[Math] Relative velocity from points’ point of view

classical-mechanicsphysics

Edit: The terminology might be imprecise. Please pay attention to the picture I drew to explain my problems. I will appreciate an edit that will ensure the terminology is no longer disputable.

This must be a simple problem but I can't figure an equation for it. Consider two moving points, $A$ and $B$. We know their positions and velocities, but we want to observe them from $A$'s point of view. I will make examples in 1D, but I need to solve this problem in two dimensions.

What I know is that relative position can be calculated by subtraction:

$$pos_{relA} = pos_B – pos_A$$

Relative velocity depends on position. This image illustrates it:

image description

You can see that albeit the velocities of the objects are same on both images, the relative velocity is different. Relative velocity clearly depends on relative position of the two objects. Relative velocity between two points is also same for both of the points.

In my image, relative velocity is positive when distance between points is increasing. That's not necessary.
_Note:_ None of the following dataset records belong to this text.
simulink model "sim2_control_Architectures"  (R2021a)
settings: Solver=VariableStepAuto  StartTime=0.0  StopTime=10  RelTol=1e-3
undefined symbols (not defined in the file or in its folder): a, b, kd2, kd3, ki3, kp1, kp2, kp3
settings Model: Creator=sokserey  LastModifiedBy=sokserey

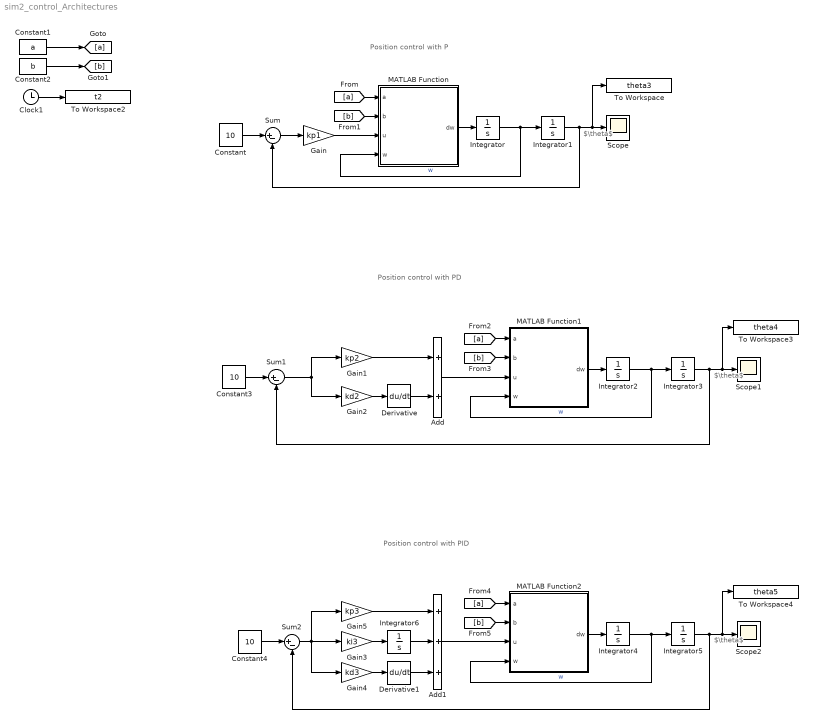
== system sim2_control_Architectures ==
  note: Position control with PID
  note: $\theta$
  note: $\theta$
  note: Position control with P
  note: Position control with PD
  note: $\theta$
  Add : Sum
  Add1 : Sum  Inputs=+++
  Clock1 : Clock
  Constant : Constant  Value=10
  Constant1 : Constant  Value=a
  Constant2 : Constant  Value=b
  Constant3 : Constant  Value=10
  Constant4 : Constant  Value=10
  Derivative : Derivative
  Derivative1 : Derivative
  Gain : Gain  Gain=kp1
  Gain1 : Gain  Gain=kp2
  Gain2 : Gain  Gain=kd2
  Gain3 : Gain  Gain=ki3
  Gain4 : Gain  Gain=kd3
  Gain5 : Gain  Gain=kp3
  Integrator{,1..6} (7 alike) : Integrator
  MATLAB Function : MATLAB Function  TreatAsAtomicUnit=on
  MATLAB Function1 : MATLAB Function  TreatAsAtomicUnit=on
  MATLAB Function2 : MATLAB Function  TreatAsAtomicUnit=on
  Scope : Scope
  Scope1 : Scope
  Scope2 : Scope
  Sum : Sum  Inputs=|+-
  Sum1 : Sum  Inputs=|+-
  Sum2 : Sum  Inputs=|+-
  To Workspace : ToWorkspace  VariableName=theta3  SampleTime=-1
      settings: Save2DSignal=2-D array (concatenate along first dimension)
  To Workspace2 : ToWorkspace  VariableName=t2  SampleTime=-1
      settings: Save2DSignal=2-D array (concatenate along first dimension)
  To Workspace3 : ToWorkspace  VariableName=theta4  SampleTime=-1
      settings: Save2DSignal=2-D array (concatenate along first dimension)
  To Workspace4 : ToWorkspace  VariableName=theta5  SampleTime=-1
      settings: Save2DSignal=2-D array (concatenate along first dimension)
  wires:
  Constant4/1 -> Sum2/1
  Derivative/1 -> Add/2
  Add/1 -> MATLAB Function1/3(u)
  MATLAB Function2/1(dw) -> Integrator4/1
  Constant3/1 -> Sum1/1
  Gain1/1 -> Add/1
  Gain2/1 -> Derivative/1
  [a] -> MATLAB Function2/1(a)
  Integrator6/1 -> Add1/2
  Sum2/1 -> Gain4/1, Gain5/1, Gain3/1
  MATLAB Function/1(dw) -> Integrator/1
  Sum/1 -> Gain/1
  Gain/1 -> MATLAB Function/3(u)
  Integrator3/1 -> To Workspace3/1, Scope1/1, Sum1/2
  Integrator5/1 -> Sum2/2, Scope2/1, To Workspace4/1
  [b] -> MATLAB Function2/2(b)
  Gain3/1 -> Integrator6/1
  Gain5/1 -> Add1/1
  [a] -> MATLAB Function/1(a)
  Derivative1/1 -> Add1/3
  Integrator1/1 -> Sum/2, To Workspace/1, Scope/1
  [b] -> MATLAB Function1/2(b)
  Gain4/1 -> Derivative1/1
  Add1/1 -> MATLAB Function2/3(u)
  Sum1/1 -> Gain2/1, Gain1/1
  [b] -> MATLAB Function/2(b)
  Integrator/1 -> Integrator1/1, MATLAB Function/4(w)  "w"
  Constant/1 -> Sum/1
  Constant1/1 -> [a]
  Integrator2/1 -> MATLAB Function1/4(w), Integrator3/1  "w"
  Integrator4/1 -> Integrator5/1, MATLAB Function2/4(w)  "w"
  MATLAB Function1/1(dw) -> Integrator2/1
  Constant2/1 -> [b]
  Clock1/1 -> To Workspace2/1
  [a] -> MATLAB Function1/1(a)

== matlab function sim2_control_Architectures/MATLAB Function ==
  data: a input; dw output; b input; u input; w input
function dw = fcn(a,b,u,w)

dw = -a*w+b*u;

== matlab function sim2_control_Architectures/MATLAB Function1 ==
  data: a input; dw output; b input; u input; w input
function dw = fcn(a,b,u,w)

dw = -a*w+b*u;

== matlab function sim2_control_Architectures/MATLAB Function2 ==
  data: a input; dw output; b input; u input; w input
function dw = fcn(a,b,u,w)

dw = -a*w+b*u;

How to calculate relative velocity of two points?

Best Answer

What you are looking for is the derivative of the distance between points with respect to time, that is their relative radial velocity. If $r=\sqrt{(x_B-x_A)^2}$ then $$ v_{rel}={dr\over dt}={(x_B-x_A)\cdot(v_B-v_A)\over r}. $$ Notice that this also works if $x_A$ and $x_B$ are vectors: in that case you have a dot product in the numerator.